We will use tracemem function, which tracks when an object is copied in memory.

xxx <- c(1, 2, 3)
tracemem(xxx)
[1] "<0x7f810aea27c8>"
yyy <- xxx # Copy does not occur here.
print(lobstr::obj_addr(xxx))
[1] "0x7f810aea27c8"
print(lobstr::obj_addr(yyy))
[1] "0x7f810aea27c8"

Copy-on-modify

yyy[1] <- 100 # copy occurs here!
tracemem[0x7f810aea27c8 -> 0x7f81043298f8]: eval eval withVisible withCallingHandlers eval eval with_handlers doWithOneRestart withOneRestart withRestartList doWithOneRestart withOneRestart withRestartList withRestarts <Anonymous> evaluate in_dir in_input_dir eng_r block_exec call_block process_group.block process_group withCallingHandlers withCallingHandlers handle_error process_file <Anonymous> <Anonymous> execute .main 
print(xxx)
[1] 1 2 3
print(yyy)
[1] 100   2   3
print(lobstr::obj_addr(xxx))
[1] "0x7f810aea27c8"
print(lobstr::obj_addr(yyy))
[1] "0x7f81043298f8"

What happens if you modify xxx?

xxx[1] <- -100
tracemem[0x7f810aea27c8 -> 0x7f810b009c48]: eval eval withVisible withCallingHandlers eval eval with_handlers doWithOneRestart withOneRestart withRestartList doWithOneRestart withOneRestart withRestartList withRestarts <Anonymous> evaluate in_dir in_input_dir eng_r block_exec call_block process_group.block process_group withCallingHandlers withCallingHandlers handle_error process_file <Anonymous> <Anonymous> execute .main 
print(xxx)
[1] -100    2    3
print(lobstr::obj_addr(xxx))
[1] "0x7f810b009c48"
  • What happened to the original object c(1, 2, 3)?

  • It is still in memory, but now there are no names pointing to it, so it will be garbage collected if you run out of space.

Copy on function calls?

f <- function(a) {
  lobstr::obj_addr(a)
  return(a)
}
xyz <- c(1, 10, 100)
lobstr::obj_addr(xyz)
[1] "0x7f8104322118"
ret_obj <- f(xyz)
lobstr::obj_addr(ret_obj)
[1] "0x7f8104322118"

No copy takes place because xyz is not modified inside function f.

Where does copy take place?

f <- function(a) {
  lobstr::obj_addr(a)
  a[1] <- -1
  return(a)
}
xyz <- c(1, 10, 100)
lobstr::obj_addr(xyz)
[1] "0x7f8104324d48"
ret_obj <- f(xyz)
lobstr::obj_addr(ret_obj)
[1] "0x7f8104323858"

Modify-in-place

If only a single reference exists for an object, then modifying is to occur in place (no copy is made) – but this is nearly impossible to check.

  • When we call tracemem(x), R seems to create a new reference to the object x, so now there are two references.
  • Even when references are removed, the way R keeps track of references is complex, so it is hard to be sure how many references there are.

An exception: environments.
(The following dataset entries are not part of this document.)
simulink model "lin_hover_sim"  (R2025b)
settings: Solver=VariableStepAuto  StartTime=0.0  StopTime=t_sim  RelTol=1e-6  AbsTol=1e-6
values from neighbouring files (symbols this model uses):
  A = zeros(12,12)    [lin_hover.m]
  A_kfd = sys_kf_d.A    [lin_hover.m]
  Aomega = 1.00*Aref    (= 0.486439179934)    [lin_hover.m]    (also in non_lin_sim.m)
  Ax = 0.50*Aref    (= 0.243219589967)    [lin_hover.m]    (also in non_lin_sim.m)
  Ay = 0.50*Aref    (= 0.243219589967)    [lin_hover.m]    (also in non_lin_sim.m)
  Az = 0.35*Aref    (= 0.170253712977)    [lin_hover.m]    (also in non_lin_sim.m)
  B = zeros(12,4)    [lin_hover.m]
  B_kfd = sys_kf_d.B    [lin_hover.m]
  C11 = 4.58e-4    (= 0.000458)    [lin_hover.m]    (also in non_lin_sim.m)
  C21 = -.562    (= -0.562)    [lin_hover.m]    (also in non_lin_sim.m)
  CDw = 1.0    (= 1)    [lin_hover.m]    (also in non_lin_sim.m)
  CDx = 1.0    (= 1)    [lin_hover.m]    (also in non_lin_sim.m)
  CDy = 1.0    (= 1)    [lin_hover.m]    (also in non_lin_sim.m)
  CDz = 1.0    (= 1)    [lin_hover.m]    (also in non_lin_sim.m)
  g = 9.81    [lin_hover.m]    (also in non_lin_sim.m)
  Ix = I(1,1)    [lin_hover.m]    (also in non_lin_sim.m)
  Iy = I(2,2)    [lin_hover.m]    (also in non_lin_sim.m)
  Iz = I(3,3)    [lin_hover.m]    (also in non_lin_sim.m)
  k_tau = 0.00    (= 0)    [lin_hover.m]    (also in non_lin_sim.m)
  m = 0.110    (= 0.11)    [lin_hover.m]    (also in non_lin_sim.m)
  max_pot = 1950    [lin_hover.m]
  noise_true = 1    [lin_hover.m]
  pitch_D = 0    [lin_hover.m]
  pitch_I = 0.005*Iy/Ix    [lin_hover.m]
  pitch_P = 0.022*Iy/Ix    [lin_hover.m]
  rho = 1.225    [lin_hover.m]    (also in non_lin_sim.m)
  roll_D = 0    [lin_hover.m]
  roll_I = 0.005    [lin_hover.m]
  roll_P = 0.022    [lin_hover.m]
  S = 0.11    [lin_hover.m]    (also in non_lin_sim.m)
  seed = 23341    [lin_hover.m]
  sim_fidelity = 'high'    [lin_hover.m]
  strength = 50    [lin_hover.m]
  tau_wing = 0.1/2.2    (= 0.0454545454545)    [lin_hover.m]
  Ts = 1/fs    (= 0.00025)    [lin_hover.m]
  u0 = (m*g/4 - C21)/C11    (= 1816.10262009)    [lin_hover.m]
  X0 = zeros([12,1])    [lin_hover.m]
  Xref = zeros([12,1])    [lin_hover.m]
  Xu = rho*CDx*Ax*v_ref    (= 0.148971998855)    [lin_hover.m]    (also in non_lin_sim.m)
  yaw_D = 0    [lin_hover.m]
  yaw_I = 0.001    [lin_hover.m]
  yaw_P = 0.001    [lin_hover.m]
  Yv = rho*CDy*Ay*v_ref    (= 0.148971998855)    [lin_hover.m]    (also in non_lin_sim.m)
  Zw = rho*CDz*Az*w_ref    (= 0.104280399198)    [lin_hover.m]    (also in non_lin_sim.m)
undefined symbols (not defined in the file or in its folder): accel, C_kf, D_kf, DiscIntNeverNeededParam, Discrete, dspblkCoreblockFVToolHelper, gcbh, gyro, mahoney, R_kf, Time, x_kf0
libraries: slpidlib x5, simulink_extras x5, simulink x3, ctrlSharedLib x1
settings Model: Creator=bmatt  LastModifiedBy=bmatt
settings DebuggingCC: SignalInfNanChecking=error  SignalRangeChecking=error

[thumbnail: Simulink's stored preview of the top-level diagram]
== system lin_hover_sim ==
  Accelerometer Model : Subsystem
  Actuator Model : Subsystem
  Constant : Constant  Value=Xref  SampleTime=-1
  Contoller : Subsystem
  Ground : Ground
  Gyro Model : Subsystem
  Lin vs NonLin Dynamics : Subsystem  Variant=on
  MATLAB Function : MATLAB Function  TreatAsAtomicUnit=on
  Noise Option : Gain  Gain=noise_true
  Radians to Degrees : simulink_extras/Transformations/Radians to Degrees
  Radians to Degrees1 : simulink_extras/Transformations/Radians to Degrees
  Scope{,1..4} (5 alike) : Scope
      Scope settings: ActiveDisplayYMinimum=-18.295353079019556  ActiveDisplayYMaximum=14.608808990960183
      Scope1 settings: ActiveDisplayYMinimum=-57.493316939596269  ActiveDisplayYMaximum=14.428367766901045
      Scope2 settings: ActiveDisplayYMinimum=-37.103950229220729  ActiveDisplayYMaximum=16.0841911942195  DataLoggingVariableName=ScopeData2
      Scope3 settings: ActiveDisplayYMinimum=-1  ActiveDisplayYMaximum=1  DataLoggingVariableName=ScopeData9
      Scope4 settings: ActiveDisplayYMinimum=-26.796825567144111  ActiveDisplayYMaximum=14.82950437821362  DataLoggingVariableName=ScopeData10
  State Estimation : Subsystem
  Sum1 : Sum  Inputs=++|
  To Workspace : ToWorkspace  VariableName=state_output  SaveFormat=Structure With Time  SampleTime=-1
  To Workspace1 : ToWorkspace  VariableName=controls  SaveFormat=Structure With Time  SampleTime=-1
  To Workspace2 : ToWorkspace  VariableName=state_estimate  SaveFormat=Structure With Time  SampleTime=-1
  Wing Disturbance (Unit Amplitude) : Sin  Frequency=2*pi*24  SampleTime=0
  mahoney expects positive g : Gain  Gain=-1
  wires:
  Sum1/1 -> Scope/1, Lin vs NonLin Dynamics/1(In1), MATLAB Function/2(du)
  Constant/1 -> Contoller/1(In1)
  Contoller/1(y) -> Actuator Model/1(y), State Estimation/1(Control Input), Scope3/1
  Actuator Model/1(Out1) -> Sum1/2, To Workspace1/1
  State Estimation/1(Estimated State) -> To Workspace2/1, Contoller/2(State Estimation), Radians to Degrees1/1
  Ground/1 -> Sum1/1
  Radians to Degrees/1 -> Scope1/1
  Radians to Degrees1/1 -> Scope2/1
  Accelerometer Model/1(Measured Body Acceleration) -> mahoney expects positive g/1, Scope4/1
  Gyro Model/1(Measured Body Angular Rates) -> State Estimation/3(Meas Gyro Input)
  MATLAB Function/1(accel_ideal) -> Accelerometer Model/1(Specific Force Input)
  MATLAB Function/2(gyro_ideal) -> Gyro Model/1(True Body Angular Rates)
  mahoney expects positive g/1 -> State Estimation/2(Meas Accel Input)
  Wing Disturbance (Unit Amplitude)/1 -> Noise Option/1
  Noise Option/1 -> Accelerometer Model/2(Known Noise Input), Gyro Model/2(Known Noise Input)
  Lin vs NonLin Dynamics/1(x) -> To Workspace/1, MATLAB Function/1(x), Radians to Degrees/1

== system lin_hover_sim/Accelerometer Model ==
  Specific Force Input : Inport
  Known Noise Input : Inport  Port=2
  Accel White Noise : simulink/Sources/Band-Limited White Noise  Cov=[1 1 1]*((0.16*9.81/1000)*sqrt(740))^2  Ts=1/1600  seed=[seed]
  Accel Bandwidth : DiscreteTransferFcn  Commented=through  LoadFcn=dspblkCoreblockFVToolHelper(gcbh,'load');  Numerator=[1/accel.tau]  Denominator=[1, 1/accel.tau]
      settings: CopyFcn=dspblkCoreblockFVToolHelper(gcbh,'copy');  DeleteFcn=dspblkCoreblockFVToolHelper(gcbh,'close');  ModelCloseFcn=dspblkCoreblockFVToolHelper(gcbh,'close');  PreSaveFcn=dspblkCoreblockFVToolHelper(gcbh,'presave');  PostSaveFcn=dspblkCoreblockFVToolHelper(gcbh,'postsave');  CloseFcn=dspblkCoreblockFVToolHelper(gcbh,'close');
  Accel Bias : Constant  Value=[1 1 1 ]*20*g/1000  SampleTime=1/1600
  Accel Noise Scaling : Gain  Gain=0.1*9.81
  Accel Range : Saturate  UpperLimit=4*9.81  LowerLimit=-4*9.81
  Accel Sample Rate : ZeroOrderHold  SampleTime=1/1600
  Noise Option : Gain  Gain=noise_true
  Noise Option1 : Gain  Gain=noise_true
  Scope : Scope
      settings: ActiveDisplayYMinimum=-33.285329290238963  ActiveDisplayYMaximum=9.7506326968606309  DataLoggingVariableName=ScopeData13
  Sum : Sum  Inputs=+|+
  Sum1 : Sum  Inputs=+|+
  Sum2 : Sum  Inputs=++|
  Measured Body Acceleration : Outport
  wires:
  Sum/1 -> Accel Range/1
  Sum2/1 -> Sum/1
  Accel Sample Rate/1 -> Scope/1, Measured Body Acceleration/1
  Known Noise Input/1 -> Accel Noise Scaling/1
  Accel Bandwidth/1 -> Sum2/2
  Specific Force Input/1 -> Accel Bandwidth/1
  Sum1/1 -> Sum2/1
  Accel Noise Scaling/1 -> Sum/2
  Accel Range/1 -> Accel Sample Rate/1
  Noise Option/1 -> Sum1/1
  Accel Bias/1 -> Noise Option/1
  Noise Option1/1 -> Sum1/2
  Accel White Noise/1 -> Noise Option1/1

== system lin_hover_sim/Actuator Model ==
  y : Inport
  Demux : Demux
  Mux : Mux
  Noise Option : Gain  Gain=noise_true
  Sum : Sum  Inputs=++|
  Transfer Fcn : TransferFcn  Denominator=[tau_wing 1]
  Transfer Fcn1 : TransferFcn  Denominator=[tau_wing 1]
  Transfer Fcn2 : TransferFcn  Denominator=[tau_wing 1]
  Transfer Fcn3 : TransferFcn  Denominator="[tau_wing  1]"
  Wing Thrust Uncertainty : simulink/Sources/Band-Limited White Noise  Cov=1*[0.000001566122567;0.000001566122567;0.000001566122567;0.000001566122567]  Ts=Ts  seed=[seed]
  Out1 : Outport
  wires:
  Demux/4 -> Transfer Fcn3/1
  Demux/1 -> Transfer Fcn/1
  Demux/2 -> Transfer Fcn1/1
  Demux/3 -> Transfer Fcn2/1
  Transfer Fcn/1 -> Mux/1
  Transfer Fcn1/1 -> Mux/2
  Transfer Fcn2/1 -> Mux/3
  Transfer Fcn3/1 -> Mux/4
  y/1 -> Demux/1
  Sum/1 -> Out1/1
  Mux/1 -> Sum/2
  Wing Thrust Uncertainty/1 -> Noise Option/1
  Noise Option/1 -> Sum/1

These are a special type of object and always modified in place.

Performance implications

Why is frequent copying harmful for performance?

  • Copying large objects takes time and memory.
  • Frequent copying can lead to increased memory usage and slower performance.

Shallow vs Deep copy

  • Shallow copy: creates a new object that references the same memory as the original object.
  • Deep copy: creates a new object with its own copy of the data in memory.

Lists: list

l1 <- list(1, 2, 3)
  • Each element of the list is a reference to an object.
  • e.g., l1[[1]] is a reference to object 1 stored in memory and l1[[2]] is a reference to object 2 and so on.

Lists: list

l2 <- l1 # Shallow copy here.
lobstr::ref(l1)
█ [1:0x7f81042f0638] <list> 
├─[2:0x7f810b729e88] <dbl> 
├─[3:0x7f810b729da8] <dbl> 
└─[4:0x7f810b729cc8] <dbl> 
l2[[3]] <- 4
lobstr::ref(l2)
█ [1:0x7f810a0a38f8] <list> 
├─[2:0x7f810b729e88] <dbl> 
├─[3:0x7f810b729da8] <dbl> 
└─[4:0x7f8108c47128] <dbl> 
  • l2[[1]] and l2[[2]] still point to the same object as l1[[1]] and l1[[2]].
  • l2[[3]] now points to a new object 4 in memory.

Data frames: data.frame

  • Data frame is a list of vectors – each column points to a vector stored in memory.
  • What happens if you modify a column? a row? -> Find out in the lab.

Character vectors

x <- c("hi", "hello", "a", "b", "hi")

The first and the last element should point to distinct objects both containing the string “hi”… right?

Character vectors

x <- c("hi", "hello", "a", "b", "hi")
lobstr::ref(x, character = TRUE)
█ [1:0x7f810a0fcaa8] <chr> 
├─[2:0x7f810a0a1160] <string: "hi"> 
├─[3:0x7f810a0a10b8] <string: "hello"> 
├─[4:0x7f8101872ce0] <string: "a"> 
├─[5:0x7f81018d3ba8] <string: "b"> 
└─[2:0x7f810a0a1160] 

R uses a global pool of strings to avoid storing multiple copies of the same string in memory.